Exercise details:
Your answer needs to include each line of the records in which the string "mode" can be found.

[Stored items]
%%
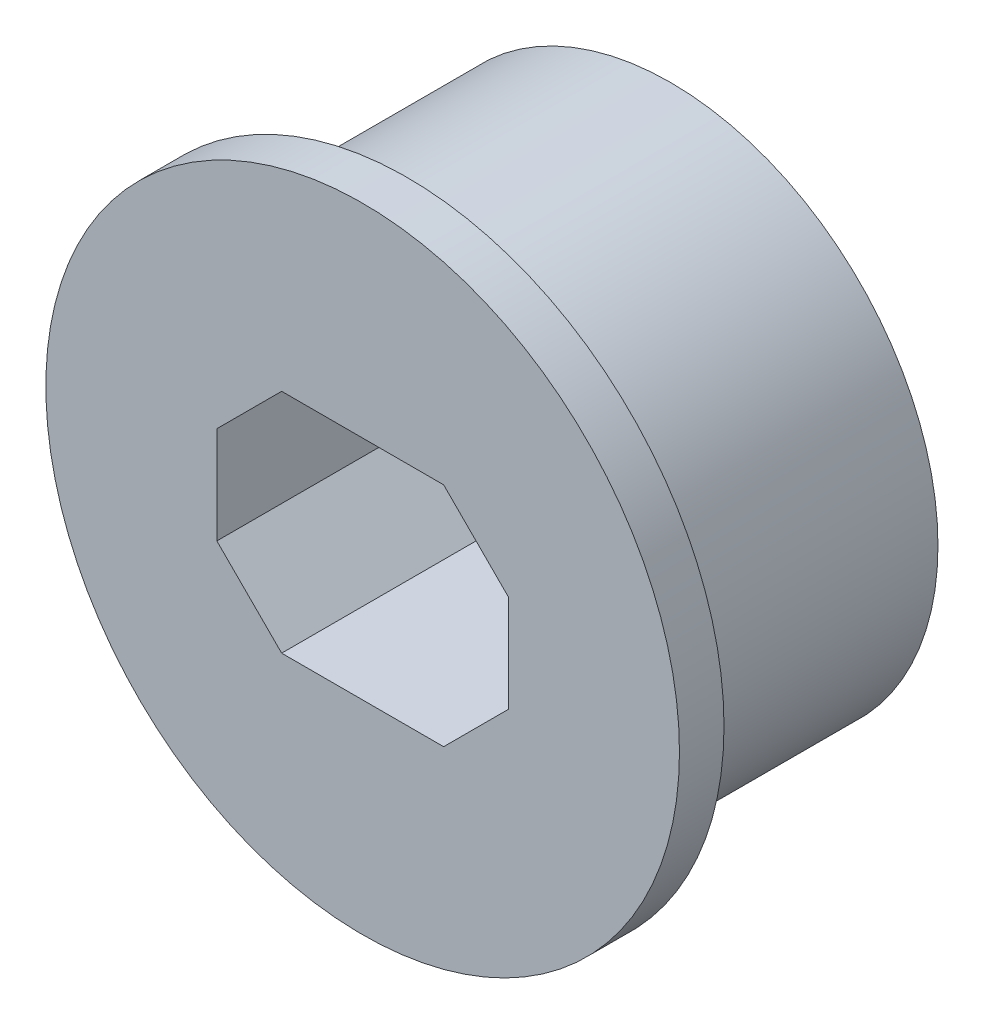
from build123d import *

# Parameters (mm, degrees)
SKETCH1_R           = 4.1275
BOSS_EXTRUDE2_DEPTH = 4.064
SKETCH2_R           = 4.8895
BOSS_EXTRUDE3_DEPTH = 1.5875
SKETCH7_W           = 4.5
SKETCH7_H           = 3.5
CUT_EXTRUDE2_DEPTH  = 6.6515
CHAMFER1_SIZE       = 1
SKETCH8_R           = 4.8895
CUT_EXTRUDE3_DEPTH  = 0.9


with BuildPart() as part:
    # Sketch1 → Boss-Extrude2 (new body)
    with BuildSketch(Plane.XY):
        with Locations((6.731, -165.7192297)):
            Circle(SKETCH1_R)
    extrude(amount=-BOSS_EXTRUDE2_DEPTH)

    # Sketch2 → Boss-Extrude3 (add)
    with BuildSketch(Plane.XY):
        with Locations((6.731, -165.7192297)):
            Circle(SKETCH2_R)
    extrude(amount=BOSS_EXTRUDE3_DEPTH)

    # Sketch7 → Cut-Extrude2 (cut, through all)
    with BuildSketch(Plane(origin=(0, 0, -4.064), x_dir=(-1, 0, 0), z_dir=(0, 0, -1))):
        with Locations((-6.731, -165.7192297)):
            Rectangle(SKETCH7_W, SKETCH7_H)
    extrude(amount=-CUT_EXTRUDE2_DEPTH, mode=Mode.SUBTRACT)

    # Chamfer1
    chamfer1_edges = [part.edges().sort_by_distance(p)[0] for p in [
        (4.481, -163.9692297, -1.23825),
        (4.481, -167.4692297, -1.23825),
        (8.981, -167.4692297, -1.23825),
        (8.981, -163.9692297, -1.23825),
    ]]
    chamfer(chamfer1_edges, length=CHAMFER1_SIZE)

    # Sketch8 → Cut-Extrude3 (cut)
    with BuildSketch(Plane.XY.offset(1.5875)):
        with Locations((6.731, -165.7192297)):
            Circle(SKETCH8_R)
    extrude(amount=-CUT_EXTRUDE3_DEPTH, mode=Mode.SUBTRACT)


solid = part.part
%%
Exercise answer:
    extrude(amount=-CUT_EXTRUDE2_DEPTH, mode=Mode.SUBTRACT)
    extrude(amount=-CUT_EXTRUDE3_DEPTH, mode=Mode.SUBTRACT)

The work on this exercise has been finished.